Until I talked to an orchid nursery owner who made frequent trips to Brazil, Paraguay and Uruguay studying orchids in situ.

He explained that many of the dry country lithophytes and epiphytes grew where the sun was brightest and where dew condensed into freshets soaked the plants every night. Areas that were bone dry mid-day had very high humidity nights.

January 27, 2021 10:18 am

CLOUDS? YEAH, BUT THE MELTING ARCTIC IS A REAL TIME HORROR STORY….WHY DOESN’T ANYONE CARE?…….Rollingstone asks?

Reply to  Anti_griff
January 27, 2021 11:53 am

Is anit-griff a griff doppleganger? Why refer to a 2018 RS article that has nothing to do with cloud forests?

Richard Page
Reply to  Jim Steele
January 27, 2021 2:40 pm

More importantly – is he anit-griff or anti-griff? Enquiring minds need to know. Btw – it’s sarcasm; if your sarcasm gland is under-developed then we may be able to get you a transplant on the NHS – there are some donors available but they are mostly Labour Party members.

Reply to  Richard Page
January 27, 2021 3:59 pm

Thanks for such an intelligent reply. (sarc of)

Reply to  Richard Page
January 28, 2021 11:55 am

Labour Party Member humour glands? Those must be very expensive! Almost-new, hardly ever used, taken for the occasional Sunday haw-haw.

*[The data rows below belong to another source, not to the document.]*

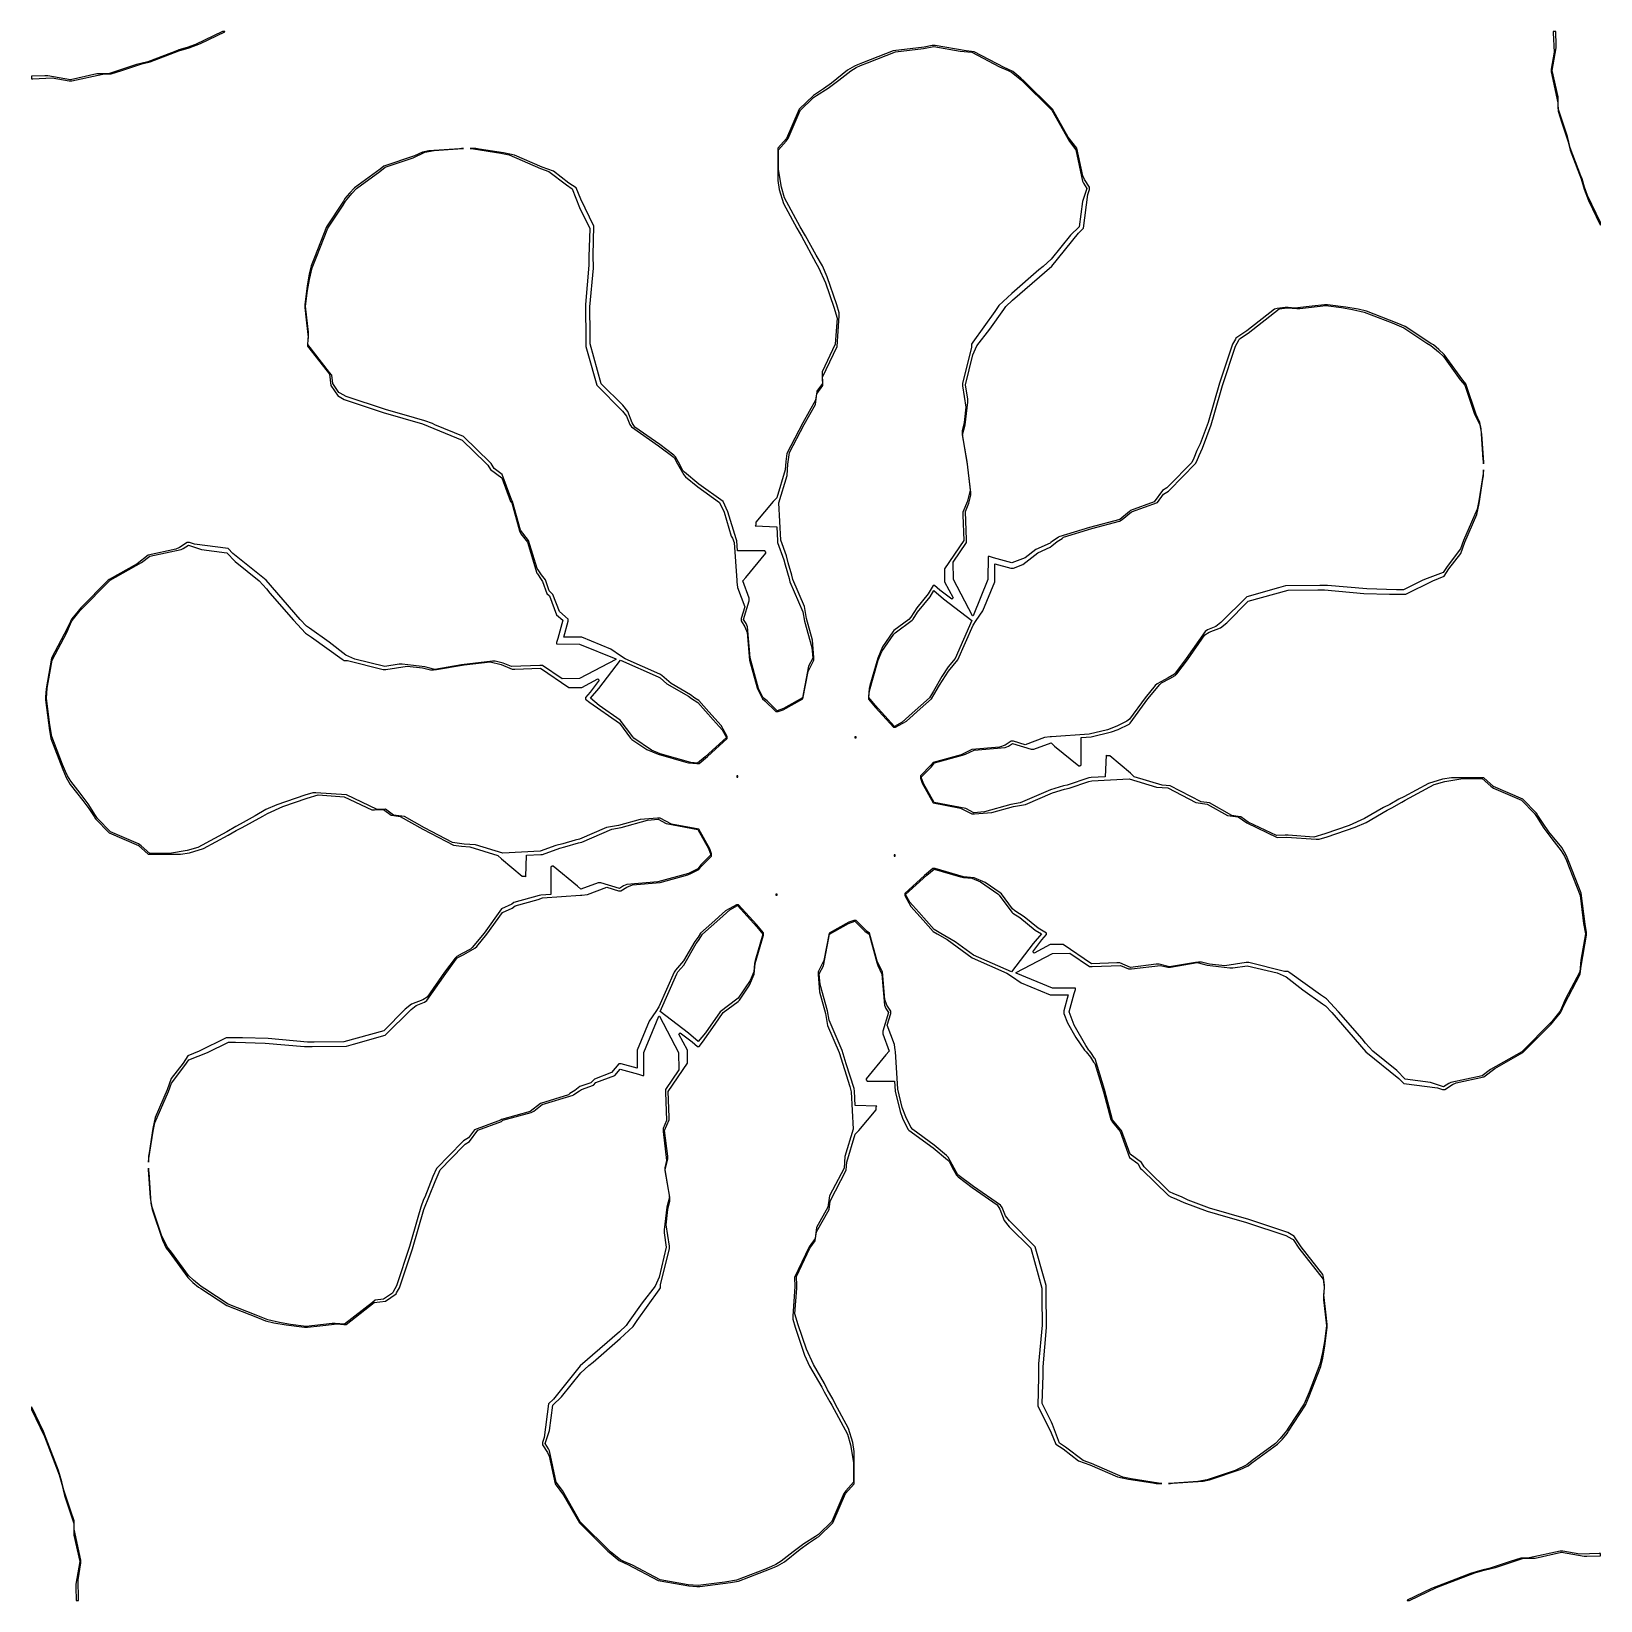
# Model space of a CAD drawing. Extents: x 65 to 85, y 65 to 85.
import ezdxf

# ---------------------------------------------------------------- set-up
doc = ezdxf.new("R2010")
doc.units = 0

msp = doc.modelspace()

# ---------------------------------------------------------------- linework, layer by layer
for points in [[(65.02, 84.396), (65.267, 84.405), (65.482, 84.367), (65.518, 84.367), (65.912, 84.454), (66.017, 84.456), (66.155, 84.5), (66.409, 84.586), (66.514, 84.609), (66.878, 84.751), (67.013, 84.79), (67.157, 84.843), (67.466, 84.993), (67.466, 84.999), (67.437, 84.999), (67.093, 84.833), (66.987, 84.793), (66.882, 84.763), (66.842, 84.749), (66.486, 84.61), (66.341, 84.578), (66.112, 84.5), (65.983, 84.459), (65.837, 84.457), (65.498, 84.382), (65.212, 84.433), (65.174, 84.433), (65.001, 84.427), (65.001, 84.396), (65.02, 84.396)], [(84.367, 84.518), (84.367, 84.482), (84.454, 84.088), (84.456, 83.983), (84.5, 83.845), (84.586, 83.591), (84.609, 83.486), (84.751, 83.122), (84.79, 82.987), (84.843, 82.843), (84.993, 82.534), (84.999, 82.534), (84.999, 82.563), (84.833, 82.907), (84.793, 83.013), (84.763, 83.118), (84.748, 83.158), (84.61, 83.514), (84.578, 83.659), (84.5, 83.888), (84.459, 84.017), (84.457, 84.163), (84.382, 84.502), (84.433, 84.788), (84.433, 84.825), (84.427, 84.999), (84.396, 84.999), (84.396, 84.98), (84.405, 84.733), (84.367, 84.518)], [(70.594, 83.506), (70.635, 83.501), (70.984, 83.446), (71.091, 83.424), (71.488, 83.253), (71.595, 83.213), (71.819, 83.043), (71.894, 82.994), (71.986, 82.754), (72.116, 82.486), (72.107, 82.126), (72.107, 82.018), (72.062, 81.519), (72.068, 81.055), (72.068, 80.983), (72.091, 80.895), (72.205, 80.491), (72.536, 80.159), (72.587, 80.095), (72.628, 79.99), (72.648, 79.958), (72.992, 79.719), (73.191, 79.57), (73.237, 79.49), (73.314, 79.348), (73.337, 79.324), (73.493, 79.194), (73.769, 78.994), (73.828, 78.87), (73.92, 78.567), (73.935, 78.541), (73.957, 78.485), (73.989, 78), (73.992, 77.983), (74.001, 77.91), (74.092, 77.666), (74.047, 77.517), (74.047, 77.486), (74.095, 77.411), (74.123, 77.34), (74.153, 76.984), (74.25, 76.632), (74.268, 76.594), (74.317, 76.494), (74.349, 76.469), (74.489, 76.33), (74.516, 76.33), (74.583, 76.354), (74.832, 76.493), (74.899, 76.842), (74.973, 76.985), (74.973, 77.019), (74.956, 77.242), (74.881, 77.515), (74.852, 77.671), (74.704, 78.014), (74.693, 78.07), (74.645, 78.226), (74.624, 78.316), (74.552, 78.516), (74.527, 78.993), (74.634, 79.339), (74.641, 79.482), (74.664, 79.632), (74.85, 79.99), (74.992, 80.244), (75.01, 80.382), (75.086, 80.487), (75.083, 80.592), (75.268, 80.985), (75.296, 81.375), (75.296, 81.412), (75.266, 81.514), (75.144, 81.872), (75.081, 82.01), (75.002, 82.146), (74.868, 82.393), (74.799, 82.51), (74.6, 82.879), (74.56, 83.015), (74.521, 83.241), (74.521, 83.488), (74.62, 83.598), (74.644, 83.635), (74.799, 83.992), (74.969, 84.155), (75.008, 84.184), (75.153, 84.276), (75.293, 84.378), (75.442, 84.497), (75.51, 84.538), (75.569, 84.564), (75.657, 84.6), (76.015, 84.739), (76.372, 84.783), (76.5, 84.807), (76.838, 84.748), (76.986, 84.734), (77.337, 84.548), (77.45, 84.499), (77.491, 84.479), (77.617, 84.378), (78.005, 83.993), (78.229, 83.596), (78.312, 83.489), (78.396, 83.092), (78.409, 83.065), (78.453, 82.997), (78.395, 82.831), (78.354, 82.51), (78.242, 82.403), (77.995, 82.098), (77.895, 82.004), (77.838, 81.959), (77.494, 81.659), (77.328, 81.506), (77.28, 81.431), (76.997, 81.037), (76.983, 81.013), (76.98, 80.972), (76.869, 80.517), (76.869, 80.481), (76.91, 80.209), (76.888, 80.016), (76.861, 79.912), (76.861, 79.876), (76.865, 79.838), (76.927, 79.483), (76.966, 79.151), (76.93, 79.013), (76.871, 78.871), (76.871, 78.835), (76.884, 78.512), (76.638, 78.15), (76.638, 77.985), (76.748, 77.78), (76.73, 77.764), (76.58, 77.877), (76.512, 77.936), (76.492, 77.936), (76.43, 77.831), (76.285, 77.653), (76.207, 77.532), (76.183, 77.504), (75.993, 77.363), (75.977, 77.349), (75.846, 77.155), (75.786, 77.013), (75.684, 76.661), (75.679, 76.623), (75.67, 76.519), (75.67, 76.488), (75.758, 76.381), (75.989, 76.132), (76.015, 76.132), (76.153, 76.208), (76.328, 76.367), (76.471, 76.494), (76.502, 76.544), (76.574, 76.669), (76.687, 76.847), (76.807, 76.991), (77.002, 77.434), (77.04, 77.492), (77.127, 77.616), (77.278, 77.984), (77.278, 78.214), (77.483, 78.16), (77.516, 78.16), (77.635, 78.206), (77.825, 78.353), (77.985, 78.424), (78.006, 78.445), (78.074, 78.497), (78.138, 78.538), (78.155, 78.552), (78.514, 78.663), (78.867, 78.758), (78.903, 78.78), (79.022, 78.877), (79.352, 78.997), (79.428, 79.101), (79.491, 79.138), (79.504, 79.154), (79.836, 79.492), (79.852, 79.523), (79.881, 79.593), (79.925, 79.688), (80.038, 79.986), (80.073, 80.116), (80.181, 80.486), (80.347, 80.989), (80.39, 81.062), (80.398, 81.08), (80.508, 81.154), (80.904, 81.465), (81.004, 81.478), (81.126, 81.468), (81.164, 81.468), (81.497, 81.506), (81.695, 81.479), (81.839, 81.456), (81.986, 81.421), (82.343, 81.283), (82.49, 81.222), (82.786, 81.026), (82.835, 80.997), (82.934, 80.914), (82.996, 80.854), (83.211, 80.557), (83.27, 80.491), (83.389, 80.133), (83.458, 79.986), (83.479, 79.865), (83.506, 79.503), (83.508, 79.489), (83.508, 79.518), (83.503, 79.545), (83.475, 79.932), (83.461, 80.013), (83.412, 80.117), (83.281, 80.509), (83.243, 80.553), (83.004, 80.883), (82.939, 80.946), (82.871, 81.003), (82.837, 81.022), (82.51, 81.239), (82.407, 81.281), (82.014, 81.434), (81.911, 81.459), (81.752, 81.483), (81.519, 81.515), (81.481, 81.515), (81.323, 81.499), (81.286, 81.493), (81.102, 81.473), (81.019, 81.48), (80.981, 81.479), (80.878, 81.466), (80.844, 81.46), (80.492, 81.184), (80.351, 81.089), (80.344, 81.075), (80.308, 81.011), (80.144, 80.514), (79.997, 80.013), (79.895, 79.743), (79.855, 79.657), (79.814, 79.559), (79.788, 79.507), (79.495, 79.208), (79.473, 79.181), (79.417, 79.149), (79.309, 79.002), (79.008, 78.892), (78.994, 78.879), (78.87, 78.779), (78.486, 78.676), (78.095, 78.556), (78.087, 78.549), (78.015, 78.503), (77.994, 78.487), (77.984, 78.477), (77.803, 78.397), (77.665, 78.29), (77.497, 78.225), (77.261, 78.288), (77.21, 78.305), (77.194, 78.305), (77.191, 78.016), (77.003, 77.55), (76.996, 77.55), (76.751, 78.015), (76.748, 78.235), (76.919, 78.486), (76.918, 78.52), (76.904, 78.882), (76.948, 78.987), (76.974, 79.088), (76.974, 79.124), (76.928, 79.517), (76.868, 79.857), (76.901, 79.984), (76.936, 80.273), (76.935, 80.31), (76.907, 80.496), (77, 80.875), (77.049, 80.991), (77.214, 81.203), (77.393, 81.453), (77.419, 81.494), (77.506, 81.573), (78.005, 82.009), (78.344, 82.429), (78.408, 82.49), (78.463, 82.921), (78.485, 82.983), (78.484, 83.014), (78.422, 83.112), (78.399, 83.158), (78.324, 83.511), (78.215, 83.653), (78.015, 84.007), (77.65, 84.369), (77.611, 84.404), (77.508, 84.487), (77.502, 84.491), (77.397, 84.537), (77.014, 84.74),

Swop you for a Greenie maths gland?

Herbert
January 27, 2021 5:37 pm

Jim,
By way of background, Lord Howe Island is a tropical paradise in the South Pacific.
It was closed to visitors in March last year because of the pandemic,but re-opened in October.
There is no CoVid and no quarantine.
It is like a small country town on a pacific island with 350 permanent residents and about 400 regular visitors.
Cheap flights go there from Sydney and Brisbane with flying time about two hours.
It has no hordes of mosquitoes, no tropical diseases I know of and best of all has no mobile phone coverage.
In short,when God goes on holidays he goes to Lord Howe Island.

January 27, 2021 6:17 pm

Why do these researchers, usually well educated (?), always seem to lack the wisdom of understanding the natural world, the way it works and that it does not require the help of people, and that you just need to leave it alone.